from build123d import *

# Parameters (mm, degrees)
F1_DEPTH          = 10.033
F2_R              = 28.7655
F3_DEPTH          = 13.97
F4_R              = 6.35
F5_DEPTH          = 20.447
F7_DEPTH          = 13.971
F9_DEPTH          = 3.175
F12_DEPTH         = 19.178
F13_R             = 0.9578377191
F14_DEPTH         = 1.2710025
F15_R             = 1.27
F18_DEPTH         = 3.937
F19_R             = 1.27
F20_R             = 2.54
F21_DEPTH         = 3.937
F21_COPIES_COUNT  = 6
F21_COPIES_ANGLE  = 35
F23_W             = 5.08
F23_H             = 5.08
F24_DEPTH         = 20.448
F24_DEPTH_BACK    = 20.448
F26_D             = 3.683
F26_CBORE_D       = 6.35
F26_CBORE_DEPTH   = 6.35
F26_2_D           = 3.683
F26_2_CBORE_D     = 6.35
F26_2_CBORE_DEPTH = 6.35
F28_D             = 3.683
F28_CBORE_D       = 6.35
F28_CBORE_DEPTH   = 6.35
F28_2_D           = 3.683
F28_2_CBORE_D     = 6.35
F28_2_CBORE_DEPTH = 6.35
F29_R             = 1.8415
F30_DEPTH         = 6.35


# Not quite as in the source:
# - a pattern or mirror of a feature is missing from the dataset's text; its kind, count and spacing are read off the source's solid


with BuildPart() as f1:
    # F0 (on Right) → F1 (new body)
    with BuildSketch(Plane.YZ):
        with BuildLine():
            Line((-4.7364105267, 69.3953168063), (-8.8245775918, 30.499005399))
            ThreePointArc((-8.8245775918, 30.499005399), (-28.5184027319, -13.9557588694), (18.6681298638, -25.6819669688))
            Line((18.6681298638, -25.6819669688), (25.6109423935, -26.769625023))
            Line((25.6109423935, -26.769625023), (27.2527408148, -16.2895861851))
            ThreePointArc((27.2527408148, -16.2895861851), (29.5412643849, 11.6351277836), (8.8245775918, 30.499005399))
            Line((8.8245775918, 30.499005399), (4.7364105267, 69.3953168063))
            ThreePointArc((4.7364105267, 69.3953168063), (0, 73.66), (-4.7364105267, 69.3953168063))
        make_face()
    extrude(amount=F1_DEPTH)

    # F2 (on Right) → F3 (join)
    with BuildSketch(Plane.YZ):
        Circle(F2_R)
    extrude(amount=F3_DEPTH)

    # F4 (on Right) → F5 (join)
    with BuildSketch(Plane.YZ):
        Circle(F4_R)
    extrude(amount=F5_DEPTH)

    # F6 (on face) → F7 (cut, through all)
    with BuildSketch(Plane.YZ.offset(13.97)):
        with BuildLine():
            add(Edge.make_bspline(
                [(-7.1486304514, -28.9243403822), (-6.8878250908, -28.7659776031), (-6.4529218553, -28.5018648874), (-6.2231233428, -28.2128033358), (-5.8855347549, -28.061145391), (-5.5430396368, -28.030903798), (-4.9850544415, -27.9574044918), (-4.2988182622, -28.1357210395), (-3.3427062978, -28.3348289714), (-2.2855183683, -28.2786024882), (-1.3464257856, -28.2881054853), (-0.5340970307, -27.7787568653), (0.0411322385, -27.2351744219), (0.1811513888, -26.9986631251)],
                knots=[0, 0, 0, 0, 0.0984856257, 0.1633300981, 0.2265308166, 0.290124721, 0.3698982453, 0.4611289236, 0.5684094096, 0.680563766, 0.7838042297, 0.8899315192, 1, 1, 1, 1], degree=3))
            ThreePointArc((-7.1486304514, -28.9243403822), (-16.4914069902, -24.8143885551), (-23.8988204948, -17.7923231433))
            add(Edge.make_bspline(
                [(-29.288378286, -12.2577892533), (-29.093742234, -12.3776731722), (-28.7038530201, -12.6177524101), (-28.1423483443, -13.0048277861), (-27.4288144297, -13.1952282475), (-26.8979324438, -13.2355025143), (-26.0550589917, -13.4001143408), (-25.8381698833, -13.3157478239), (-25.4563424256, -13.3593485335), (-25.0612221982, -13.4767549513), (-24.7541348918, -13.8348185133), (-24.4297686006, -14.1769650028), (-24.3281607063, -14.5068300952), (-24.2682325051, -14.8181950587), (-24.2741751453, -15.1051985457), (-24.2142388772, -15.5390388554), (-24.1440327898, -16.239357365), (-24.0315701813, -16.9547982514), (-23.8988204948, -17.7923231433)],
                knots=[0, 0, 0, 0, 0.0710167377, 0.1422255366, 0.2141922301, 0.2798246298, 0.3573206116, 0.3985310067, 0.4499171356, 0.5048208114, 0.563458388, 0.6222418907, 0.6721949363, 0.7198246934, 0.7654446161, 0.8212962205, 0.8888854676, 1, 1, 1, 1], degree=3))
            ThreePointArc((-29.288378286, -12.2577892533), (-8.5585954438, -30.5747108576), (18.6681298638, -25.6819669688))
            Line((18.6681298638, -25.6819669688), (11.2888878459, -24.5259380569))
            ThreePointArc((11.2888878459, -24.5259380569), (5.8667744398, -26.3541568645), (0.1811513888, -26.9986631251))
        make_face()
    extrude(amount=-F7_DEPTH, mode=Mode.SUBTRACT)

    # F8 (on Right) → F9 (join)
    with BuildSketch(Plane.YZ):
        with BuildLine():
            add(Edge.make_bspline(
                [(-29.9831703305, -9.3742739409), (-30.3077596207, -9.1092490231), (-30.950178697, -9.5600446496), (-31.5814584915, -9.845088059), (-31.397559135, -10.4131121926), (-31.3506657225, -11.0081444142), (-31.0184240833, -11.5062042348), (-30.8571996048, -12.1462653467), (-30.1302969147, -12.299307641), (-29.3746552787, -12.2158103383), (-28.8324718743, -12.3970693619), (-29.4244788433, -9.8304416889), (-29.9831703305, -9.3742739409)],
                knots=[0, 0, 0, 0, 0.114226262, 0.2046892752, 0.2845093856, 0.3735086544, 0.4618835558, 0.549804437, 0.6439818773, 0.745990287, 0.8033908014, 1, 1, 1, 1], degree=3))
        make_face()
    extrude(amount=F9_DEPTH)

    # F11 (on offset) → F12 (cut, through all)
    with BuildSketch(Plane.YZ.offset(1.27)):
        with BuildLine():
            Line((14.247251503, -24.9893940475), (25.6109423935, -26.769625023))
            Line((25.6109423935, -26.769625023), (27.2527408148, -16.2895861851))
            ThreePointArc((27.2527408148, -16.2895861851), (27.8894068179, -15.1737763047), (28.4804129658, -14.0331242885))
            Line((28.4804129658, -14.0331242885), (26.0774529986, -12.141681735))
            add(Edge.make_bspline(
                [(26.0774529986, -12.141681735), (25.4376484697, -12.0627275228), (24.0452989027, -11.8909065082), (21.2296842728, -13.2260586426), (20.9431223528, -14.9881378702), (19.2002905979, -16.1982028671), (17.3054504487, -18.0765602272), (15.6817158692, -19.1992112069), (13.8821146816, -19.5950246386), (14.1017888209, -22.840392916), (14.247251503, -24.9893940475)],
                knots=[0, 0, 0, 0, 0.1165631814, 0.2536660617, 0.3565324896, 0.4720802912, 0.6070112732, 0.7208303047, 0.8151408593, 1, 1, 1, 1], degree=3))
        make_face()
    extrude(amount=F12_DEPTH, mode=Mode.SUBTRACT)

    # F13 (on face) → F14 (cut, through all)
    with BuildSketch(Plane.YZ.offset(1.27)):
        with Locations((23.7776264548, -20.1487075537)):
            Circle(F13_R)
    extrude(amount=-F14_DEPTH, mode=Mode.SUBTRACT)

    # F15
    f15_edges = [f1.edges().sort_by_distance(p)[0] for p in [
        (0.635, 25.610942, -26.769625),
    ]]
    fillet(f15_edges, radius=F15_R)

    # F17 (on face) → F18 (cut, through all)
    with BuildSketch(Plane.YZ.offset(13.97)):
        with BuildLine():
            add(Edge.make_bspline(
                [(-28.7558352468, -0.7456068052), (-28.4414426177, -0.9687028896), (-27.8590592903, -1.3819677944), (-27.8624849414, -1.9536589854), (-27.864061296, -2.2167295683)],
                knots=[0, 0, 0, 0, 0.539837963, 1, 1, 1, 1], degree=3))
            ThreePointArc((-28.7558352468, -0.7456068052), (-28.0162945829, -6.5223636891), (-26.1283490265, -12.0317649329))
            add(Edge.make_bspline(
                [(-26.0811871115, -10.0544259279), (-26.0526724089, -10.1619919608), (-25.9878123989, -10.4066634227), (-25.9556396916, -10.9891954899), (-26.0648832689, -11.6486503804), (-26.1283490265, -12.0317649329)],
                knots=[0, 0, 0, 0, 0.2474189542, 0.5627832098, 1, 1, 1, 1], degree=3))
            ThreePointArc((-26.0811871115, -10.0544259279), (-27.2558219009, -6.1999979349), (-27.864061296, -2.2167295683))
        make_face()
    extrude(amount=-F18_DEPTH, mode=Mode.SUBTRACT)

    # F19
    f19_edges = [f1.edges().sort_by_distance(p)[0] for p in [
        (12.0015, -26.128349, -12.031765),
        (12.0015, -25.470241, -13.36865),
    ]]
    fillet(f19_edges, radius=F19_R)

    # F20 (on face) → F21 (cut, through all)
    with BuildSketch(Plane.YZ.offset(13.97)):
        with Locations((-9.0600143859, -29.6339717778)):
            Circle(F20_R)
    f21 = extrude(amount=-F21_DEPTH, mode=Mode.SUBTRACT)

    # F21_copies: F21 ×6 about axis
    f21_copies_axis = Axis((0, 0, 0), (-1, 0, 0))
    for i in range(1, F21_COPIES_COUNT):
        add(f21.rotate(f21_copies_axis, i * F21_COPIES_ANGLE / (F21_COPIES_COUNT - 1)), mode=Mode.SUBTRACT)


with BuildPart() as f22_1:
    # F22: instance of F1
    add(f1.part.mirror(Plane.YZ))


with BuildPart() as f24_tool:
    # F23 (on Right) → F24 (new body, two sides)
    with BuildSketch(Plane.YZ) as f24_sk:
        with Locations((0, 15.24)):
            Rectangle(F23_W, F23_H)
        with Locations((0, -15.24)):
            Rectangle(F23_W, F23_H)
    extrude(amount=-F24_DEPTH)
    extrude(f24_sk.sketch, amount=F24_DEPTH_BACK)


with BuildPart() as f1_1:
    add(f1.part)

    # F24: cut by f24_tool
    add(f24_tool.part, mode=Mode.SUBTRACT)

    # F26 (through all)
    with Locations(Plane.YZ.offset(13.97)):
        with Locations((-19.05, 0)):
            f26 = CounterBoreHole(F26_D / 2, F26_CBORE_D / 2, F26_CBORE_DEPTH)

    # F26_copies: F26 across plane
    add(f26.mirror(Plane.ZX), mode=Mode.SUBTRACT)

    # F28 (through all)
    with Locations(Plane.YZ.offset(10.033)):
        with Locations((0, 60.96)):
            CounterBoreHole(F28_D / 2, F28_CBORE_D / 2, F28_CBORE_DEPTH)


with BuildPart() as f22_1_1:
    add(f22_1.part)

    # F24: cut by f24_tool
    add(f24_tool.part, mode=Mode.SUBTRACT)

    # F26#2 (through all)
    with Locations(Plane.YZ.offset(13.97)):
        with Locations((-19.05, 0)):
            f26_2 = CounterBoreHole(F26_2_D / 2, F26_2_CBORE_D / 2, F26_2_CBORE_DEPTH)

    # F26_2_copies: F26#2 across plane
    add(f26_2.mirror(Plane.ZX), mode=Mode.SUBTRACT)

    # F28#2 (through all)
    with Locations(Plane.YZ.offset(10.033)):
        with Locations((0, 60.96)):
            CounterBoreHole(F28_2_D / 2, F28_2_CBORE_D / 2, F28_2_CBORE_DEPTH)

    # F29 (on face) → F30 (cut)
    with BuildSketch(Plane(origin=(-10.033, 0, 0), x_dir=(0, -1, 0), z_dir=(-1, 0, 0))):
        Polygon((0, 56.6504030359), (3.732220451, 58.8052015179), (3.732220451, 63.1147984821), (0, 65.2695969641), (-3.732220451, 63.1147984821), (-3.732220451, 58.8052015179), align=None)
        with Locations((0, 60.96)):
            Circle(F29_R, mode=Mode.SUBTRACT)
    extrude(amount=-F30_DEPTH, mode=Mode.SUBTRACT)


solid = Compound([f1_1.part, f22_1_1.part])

[TASK DETAILS]: Where a line above holds the word "radius", copy it.

[SOLUTION TO THIS EXERCISE]:
    fillet(f15_edges, radius=F15_R)
    fillet(f19_edges, radius=F19_R)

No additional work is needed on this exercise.